◆ **Goal of the exercise**: Lines to return, exactly: from the line with "h = msp.add_hatch(dxfattribs=at)" to the line with "96.14835014065545, 112.6970473976262, dxfattribs=at)" in the entries below, both included.
======== Dataset excerpts ========
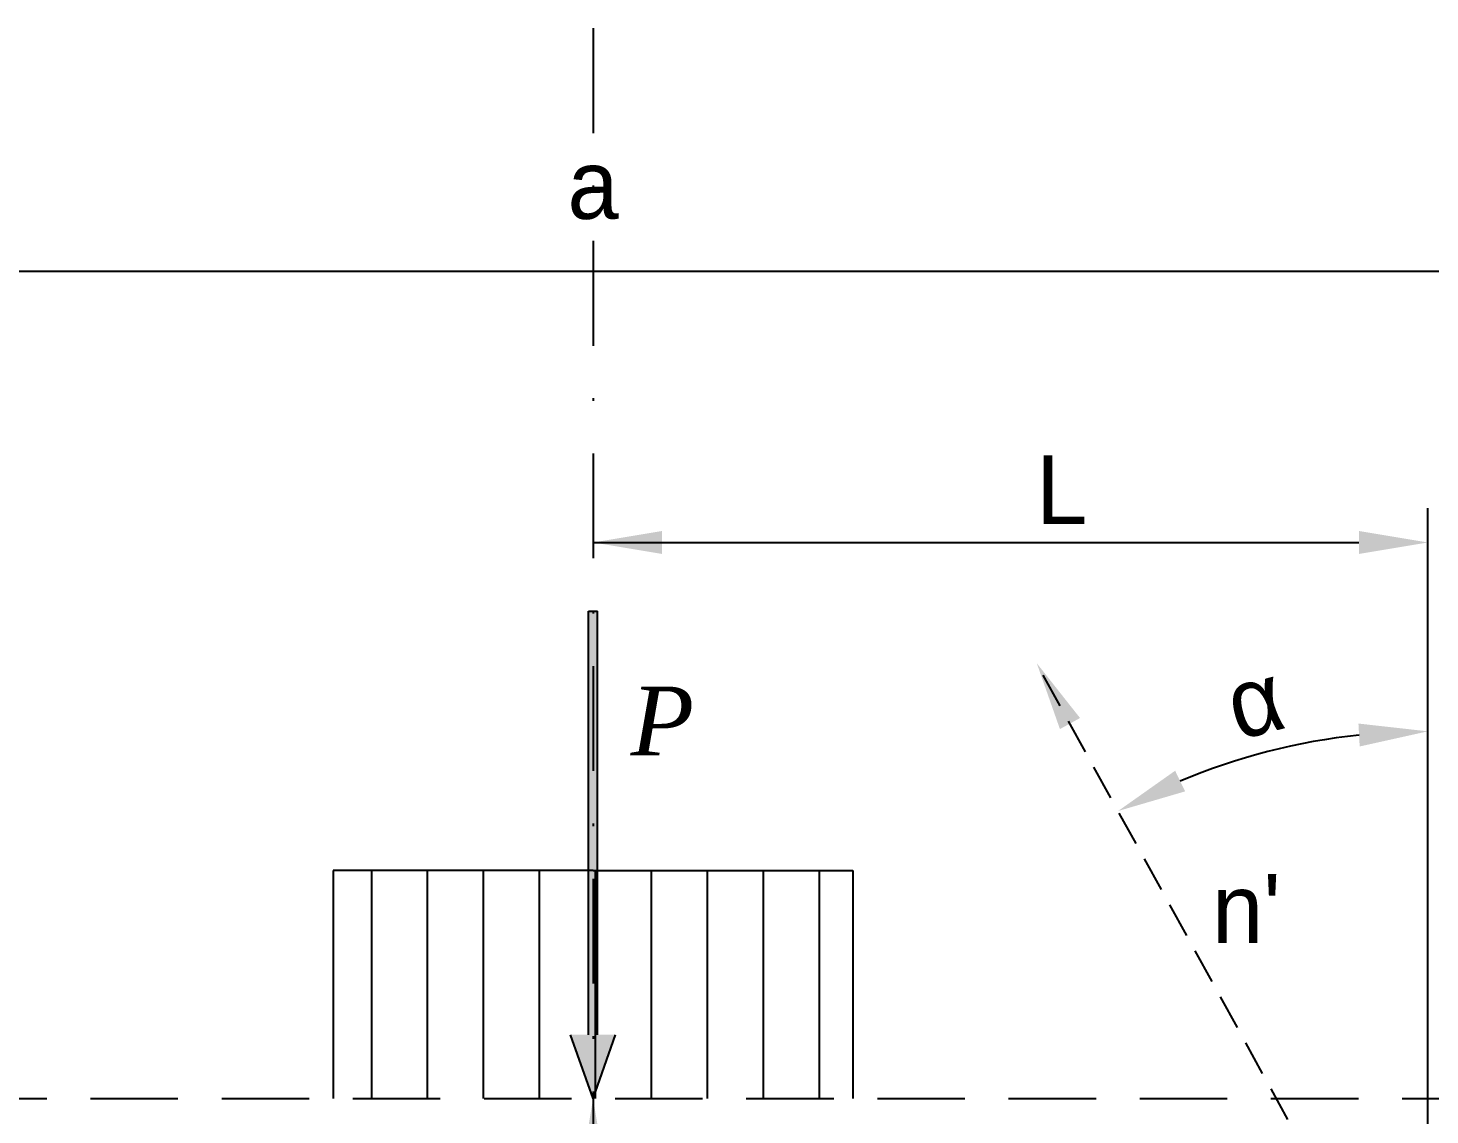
# Model space of a CAD drawing. Header units: millimetres. Extents: x 9 to 961, y -258 to 565.
# Drawn here: x 599.2 to 650.1, y 1.3 to 40.8 of the extents above; entities that cross this region are included whole.
import ezdxf

# ---------------------------------------------------------------- set-up
doc = ezdxf.new("R2010")
doc.units = ezdxf.units.MM
doc.linetypes.add('PONTVONAL', pattern=[25.4, 12.7, -6.35, 0, -6.35])
doc.linetypes.add('SZAGGATOTT', pattern=[19.049999999999997, 12.7, -6.35])
for name, color, linetype in [('Sraff', 2, 'Continuous'), ('Tengely', 1, 'PONTVONAL'), ('Text', 2, 'Continuous'), ('Vonal_025', 4, 'Continuous'), ('Vonal_035', 2, 'Continuous'), ('Vonal_050', 3, 'Continuous'), ('Vonal_sz_025', 4, 'SZAGGATOTT'), ('Vonal_sz_035', 2, 'SZAGGATOTT')]:
    doc.layers.add(name, color=color, linetype=linetype)
doc.styles.add('TextCS', font='SCHLBKI.TTF', dxfattribs={"height": 2.5})

msp = doc.modelspace()

# ---------------------------------------------------------------- hatches: boundary and pattern name
at = {"layer": 'Sraff'}
h = msp.add_hatch(dxfattribs=at)
h.set_pattern_fill('LINE', color=256, scale=0.6400000000000001, angle=90, style=0)
h.set_pattern_definition([(90, (473.4539062422846, -175.7893275118943), (-2.032, 1.244200055483535e-16), [])])
h.paths.add_polyline_path([(629.1067891152477, 10.22216402864399), (619.6707067426164, 10.22216402864399), (619.6707067426164, 1.949025256781965), (629.1067891152477, 1.949025256781965)])
h.paths.add_polyline_path([(619.6707067426166, 10.22216402864399), (610.2346243699853, 10.22216402864399), (610.2346243699853, 1.949025256781965), (619.6707067426164, 1.949025256781965)])
at = {"layer": 'Vonal_050'}
msp.add_hatch(color=256, dxfattribs=at).paths.add_polyline_path([(619.6707067426165, 1.949025256781965), (620.4869546406218, 4.260452147073352), (619.8307067426164, 4.260452147073352), (619.8307067426164, 19.64242719186211), (619.5107067426164, 19.64242719186211), (619.5107067426164, 4.260452147073352), (618.8544588446113, 4.260452147073352)])

# ---------------------------------------------------------------- linework, layer by layer
at = {"layer": 'Tengely', "ltscale": 0.3}
msp.add_line((619.6707067426165, 40.80577435828548), (619.6707067426165, -31.56641809339012), dxfattribs=at)
at = {"layer": 'Vonal_025'}
for p, q in [((591.8600296333094, 31.98612259617937), (652.752257413403, 31.98612259617937)), ((649.9813838519235, -7.032562152625843), (649.9813838519235, 23.38134839360725)), ((619.6707067426166, 22.13134839360725), (647.4813838519235, 22.13134839360725)), ((622.1707067426165, 22.13134839360725), (626.6067891152477, 22.13134839360725))]:
    msp.add_line(p, q, dxfattribs=at)
msp.add_arc((649.9813838519235, -8.0325621526259), 23.30839899321184, 96.14835014065545, 112.6970473976262, dxfattribs=at)
for points in [[(622.1707067426167, 21.71468172694059), (622.1707067426167, 22.54801506027393), (619.6707067426167, 22.13134839360726)], [(647.4813838519235, 22.54801506027393), (647.4813838519235, 21.71468172694058), (649.9813838519235, 22.13134839360725)], [(636.6230470745749, 15.3569717143772), (637.3529843195623, 15.75901159153425), (635.7818960655974, 17.74780338791827)], [(647.4626361852278, 15.55783205796607), (647.5073267994123, 14.72569793809822), (649.9813838519235, 15.27583684058595)], [(641.1687978091257, 13.09556336513859), (640.8064821024835, 13.84601108028252), (638.7362968103727, 12.38384010278395)], [(619.2540400759499, -0.5509747432180347), (620.0873734092831, -0.5509747432180347), (619.6707067426165, 1.949025256781965)]]:
    msp.add_solid(points, dxfattribs=at)
at = {"layer": 'Vonal_035'}
for p, q in [((619.6707067426165, 10.22216402864399), (610.2346243699853, 10.22216402864399)), ((610.2346243699853, 10.22216402864399), (610.2346243699853, 1.949025256781965)), ((619.6707067426165, 10.22216402864399), (629.1067891152477, 10.22216402864399)), ((629.1067891152477, 10.22216402864399), (629.1067891152477, 1.949025256781965))]:
    msp.add_line(p, q, dxfattribs=at)
at = {"layer": 'Vonal_050'}
for p, q in [((619.5107067426164, 4.260452147073352), (619.5107067426164, 19.64242719186211)), ((619.5107067426164, 19.64242719186211), (619.8307067426164, 19.64242719186211)), ((619.8307067426166, 4.260452147073352), (619.8307067426166, 19.64242719186211)), ((619.8307067426164, 4.260452147073352), (619.8307067426159, 19.64242719186211)), ((619.6707067426165, 1.949025256781965), (618.8544588446113, 4.260452147073352)), ((619.6707067426165, 1.949025256781965), (620.4869546406218, 4.260452147073352))]:
    msp.add_line(p, q, dxfattribs=at)
at = {"layer": 'Vonal_sz_025', "ltscale": 0.1}
msp.add_line((649.498935999335, -7.15663745864082), (635.7818960655974, 17.74780338791827), dxfattribs=at)
at = {"layer": 'Vonal_sz_035', "ltscale": 0.25}
msp.add_line((568.0854663607465, 1.949025256781965), (654.2522574134032, 1.949025256781887), dxfattribs=at)

# ---------------------------------------------------------------- texts
at = {"layer": 'Text', "char_height": 2.5, "attachment_point": 5, "style": 'TextCS'}
for s, insert in [('a', (619.6707067426164, 35.11115429571767)), ('L', (636.6909465758549, 24.04691634492572))]:
    msp.add_mtext(s, dxfattribs=dict(at, insert=insert))
at = {"layer": 'Text', "char_height": 2.5, "width": 2.647836037989328, "attachment_point": 1, "style": 'TextCS'}
for s, insert in [('{\\fCentury Schoolbook|b0|i1|c238|p18;P}', (621.0329550495917, 16.89934605848191)), ("n'", (642.1470602582185, 10.09394191018089))]:
    msp.add_mtext(s, dxfattribs=dict(at, insert=insert))
at = {"layer": 'Text', "insert": (643.7027595229664, 16.38090835978636), "char_height": 2.5, "attachment_point": 5, "rotation": 14.422698769140625, "style": 'TextCS'}
msp.add_mtext('{\\fSymbol|b0|i0|c2|p18;a}', dxfattribs=at)

doc.saveas('drawing.dxf')
========
◆ **Result below**:
h = msp.add_hatch(dxfattribs=at)
h.set_pattern_fill('LINE', color=256, scale=0.6400000000000001, angle=90, style=0)
h.set_pattern_definition([(90, (473.4539062422846, -175.7893275118943), (-2.032, 1.244200055483535e-16), [])])
h.paths.add_polyline_path([(629.1067891152477, 10.22216402864399), (619.6707067426164, 10.22216402864399), (619.6707067426164, 1.949025256781965), (629.1067891152477, 1.949025256781965)])
h.paths.add_polyline_path([(619.6707067426166, 10.22216402864399), (610.2346243699853, 10.22216402864399), (610.2346243699853, 1.949025256781965), (619.6707067426164, 1.949025256781965)])
at = {"layer": 'Vonal_050'}
msp.add_hatch(color=256, dxfattribs=at).paths.add_polyline_path([(619.6707067426165, 1.949025256781965), (620.4869546406218, 4.260452147073352), (619.8307067426164, 4.260452147073352), (619.8307067426164, 19.64242719186211), (619.5107067426164, 19.64242719186211), (619.5107067426164, 4.260452147073352), (618.8544588446113, 4.260452147073352)])

# ---------------------------------------------------------------- linework, layer by layer
at = {"layer": 'Tengely', "ltscale": 0.3}
msp.add_line((619.6707067426165, 40.80577435828548), (619.6707067426165, -31.56641809339012), dxfattribs=at)
at = {"layer": 'Vonal_025'}
for p, q in [((591.8600296333094, 31.98612259617937), (652.752257413403, 31.98612259617937)), ((649.9813838519235, -7.032562152625843), (649.9813838519235, 23.38134839360725)), ((619.6707067426166, 22.13134839360725), (647.4813838519235, 22.13134839360725)), ((622.1707067426165, 22.13134839360725), (626.6067891152477, 22.13134839360725))]:
    msp.add_line(p, q, dxfattribs=at)
msp.add_arc((649.9813838519235, -8.0325621526259), 23.30839899321184, 96.14835014065545, 112.6970473976262, dxfattribs=at)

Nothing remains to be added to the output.